> **Your assignment**: Your answer should be one number: how many lines of the data include the string "mechanical"?

[[ The data, beginning ]]

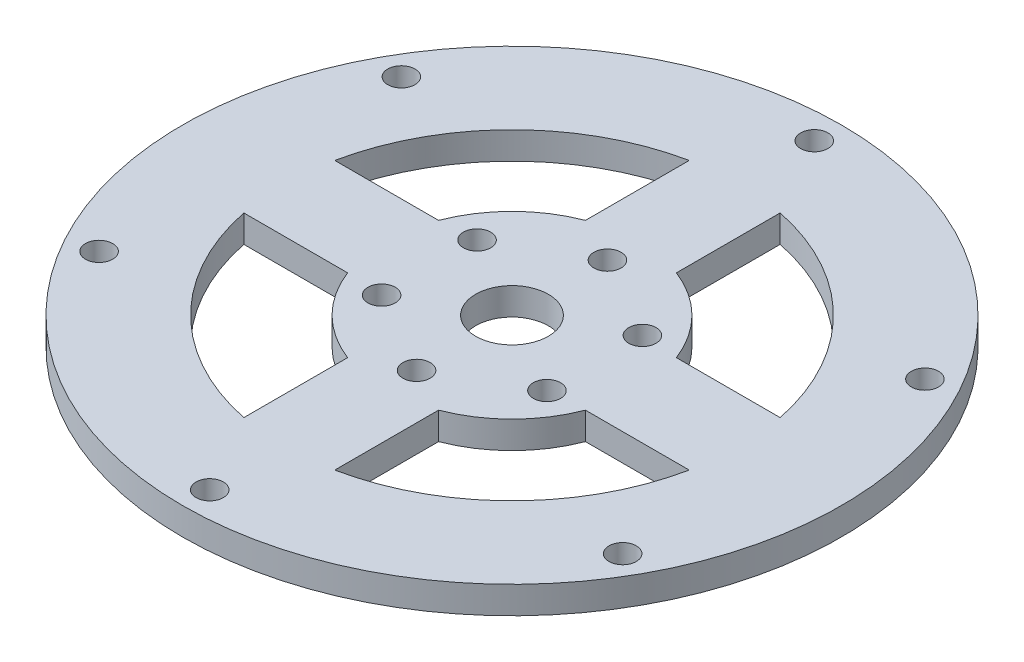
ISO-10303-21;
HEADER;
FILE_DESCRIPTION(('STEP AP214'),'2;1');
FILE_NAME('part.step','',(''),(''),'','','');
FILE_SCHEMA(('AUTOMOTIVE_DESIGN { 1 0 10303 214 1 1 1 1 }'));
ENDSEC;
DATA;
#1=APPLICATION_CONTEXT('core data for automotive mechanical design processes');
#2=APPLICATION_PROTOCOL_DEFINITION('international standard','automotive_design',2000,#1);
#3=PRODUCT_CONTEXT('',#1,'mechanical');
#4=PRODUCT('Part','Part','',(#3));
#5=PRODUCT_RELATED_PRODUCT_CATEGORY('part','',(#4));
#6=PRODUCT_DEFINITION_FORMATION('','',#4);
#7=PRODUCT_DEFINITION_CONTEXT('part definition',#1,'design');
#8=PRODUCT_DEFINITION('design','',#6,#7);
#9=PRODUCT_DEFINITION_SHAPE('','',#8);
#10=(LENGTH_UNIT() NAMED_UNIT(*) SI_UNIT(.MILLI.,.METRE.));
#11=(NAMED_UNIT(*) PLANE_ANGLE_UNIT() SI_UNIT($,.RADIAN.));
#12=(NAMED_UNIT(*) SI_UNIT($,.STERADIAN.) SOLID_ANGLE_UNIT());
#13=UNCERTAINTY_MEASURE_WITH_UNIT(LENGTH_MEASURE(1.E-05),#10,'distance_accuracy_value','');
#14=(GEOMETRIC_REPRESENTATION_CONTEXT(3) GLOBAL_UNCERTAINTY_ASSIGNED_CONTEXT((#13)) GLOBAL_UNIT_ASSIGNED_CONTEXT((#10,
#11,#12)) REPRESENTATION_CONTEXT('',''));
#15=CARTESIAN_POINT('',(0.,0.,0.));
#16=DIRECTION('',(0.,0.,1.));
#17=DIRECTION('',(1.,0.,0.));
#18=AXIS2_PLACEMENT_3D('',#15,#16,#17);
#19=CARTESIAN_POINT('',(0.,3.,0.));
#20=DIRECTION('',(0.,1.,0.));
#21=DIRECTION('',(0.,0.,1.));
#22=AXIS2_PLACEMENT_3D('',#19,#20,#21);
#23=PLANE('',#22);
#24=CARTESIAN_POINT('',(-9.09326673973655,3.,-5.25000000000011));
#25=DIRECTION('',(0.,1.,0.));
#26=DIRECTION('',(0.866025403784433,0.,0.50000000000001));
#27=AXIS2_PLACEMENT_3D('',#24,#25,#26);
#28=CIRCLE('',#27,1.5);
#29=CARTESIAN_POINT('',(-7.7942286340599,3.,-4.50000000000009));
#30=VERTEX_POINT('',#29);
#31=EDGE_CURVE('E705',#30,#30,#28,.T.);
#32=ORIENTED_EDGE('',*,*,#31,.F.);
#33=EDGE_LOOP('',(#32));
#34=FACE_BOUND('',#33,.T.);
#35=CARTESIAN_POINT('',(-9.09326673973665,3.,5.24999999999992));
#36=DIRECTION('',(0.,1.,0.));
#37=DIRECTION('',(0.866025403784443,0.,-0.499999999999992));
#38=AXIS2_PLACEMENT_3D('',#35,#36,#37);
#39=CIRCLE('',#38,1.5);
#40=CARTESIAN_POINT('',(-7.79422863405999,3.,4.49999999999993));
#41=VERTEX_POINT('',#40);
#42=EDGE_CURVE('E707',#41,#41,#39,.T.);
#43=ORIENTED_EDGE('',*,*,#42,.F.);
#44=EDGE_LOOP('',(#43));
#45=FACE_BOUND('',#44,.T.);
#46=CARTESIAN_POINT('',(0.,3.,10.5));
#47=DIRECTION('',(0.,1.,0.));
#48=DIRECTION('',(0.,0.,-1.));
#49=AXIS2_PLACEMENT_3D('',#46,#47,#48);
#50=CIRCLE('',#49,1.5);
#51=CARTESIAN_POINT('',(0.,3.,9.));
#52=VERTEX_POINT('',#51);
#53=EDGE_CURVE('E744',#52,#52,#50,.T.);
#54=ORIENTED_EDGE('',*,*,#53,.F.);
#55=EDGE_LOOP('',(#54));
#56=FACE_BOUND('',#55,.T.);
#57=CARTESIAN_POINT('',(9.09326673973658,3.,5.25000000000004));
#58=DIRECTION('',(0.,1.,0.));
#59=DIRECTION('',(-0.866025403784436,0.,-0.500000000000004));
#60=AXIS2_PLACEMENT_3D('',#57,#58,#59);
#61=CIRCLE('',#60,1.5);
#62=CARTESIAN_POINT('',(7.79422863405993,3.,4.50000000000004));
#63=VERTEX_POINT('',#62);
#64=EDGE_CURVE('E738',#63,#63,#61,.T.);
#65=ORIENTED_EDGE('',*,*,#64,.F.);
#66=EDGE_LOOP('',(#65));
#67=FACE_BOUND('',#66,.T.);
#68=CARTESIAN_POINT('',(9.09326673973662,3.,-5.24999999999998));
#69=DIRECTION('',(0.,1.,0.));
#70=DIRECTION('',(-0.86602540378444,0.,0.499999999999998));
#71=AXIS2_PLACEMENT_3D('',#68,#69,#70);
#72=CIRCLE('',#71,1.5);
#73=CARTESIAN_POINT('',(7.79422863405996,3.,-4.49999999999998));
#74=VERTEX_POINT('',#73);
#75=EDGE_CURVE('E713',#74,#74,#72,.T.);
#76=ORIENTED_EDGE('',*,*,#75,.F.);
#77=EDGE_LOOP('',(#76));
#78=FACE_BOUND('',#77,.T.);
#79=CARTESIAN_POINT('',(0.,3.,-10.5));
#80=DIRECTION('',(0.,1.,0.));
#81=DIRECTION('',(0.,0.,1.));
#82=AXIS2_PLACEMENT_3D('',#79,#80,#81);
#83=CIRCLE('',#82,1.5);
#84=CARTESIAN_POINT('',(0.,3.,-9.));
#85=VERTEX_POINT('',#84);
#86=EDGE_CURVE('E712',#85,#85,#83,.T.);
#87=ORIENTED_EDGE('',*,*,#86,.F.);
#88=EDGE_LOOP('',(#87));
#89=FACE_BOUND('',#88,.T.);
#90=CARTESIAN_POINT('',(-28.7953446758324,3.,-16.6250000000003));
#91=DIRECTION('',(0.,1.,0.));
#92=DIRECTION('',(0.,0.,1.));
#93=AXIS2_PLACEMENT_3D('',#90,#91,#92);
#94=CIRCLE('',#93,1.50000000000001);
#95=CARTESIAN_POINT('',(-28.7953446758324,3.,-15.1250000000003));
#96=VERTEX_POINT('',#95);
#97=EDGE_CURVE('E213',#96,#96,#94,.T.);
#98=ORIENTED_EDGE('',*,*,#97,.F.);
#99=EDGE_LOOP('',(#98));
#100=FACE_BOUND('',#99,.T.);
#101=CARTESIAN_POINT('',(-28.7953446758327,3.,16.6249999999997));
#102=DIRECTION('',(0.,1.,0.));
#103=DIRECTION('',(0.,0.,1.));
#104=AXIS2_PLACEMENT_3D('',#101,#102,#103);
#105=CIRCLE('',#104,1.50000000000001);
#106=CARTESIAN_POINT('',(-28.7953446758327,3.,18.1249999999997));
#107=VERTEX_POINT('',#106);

[[ The data, end ]]

> **Answer space**: 2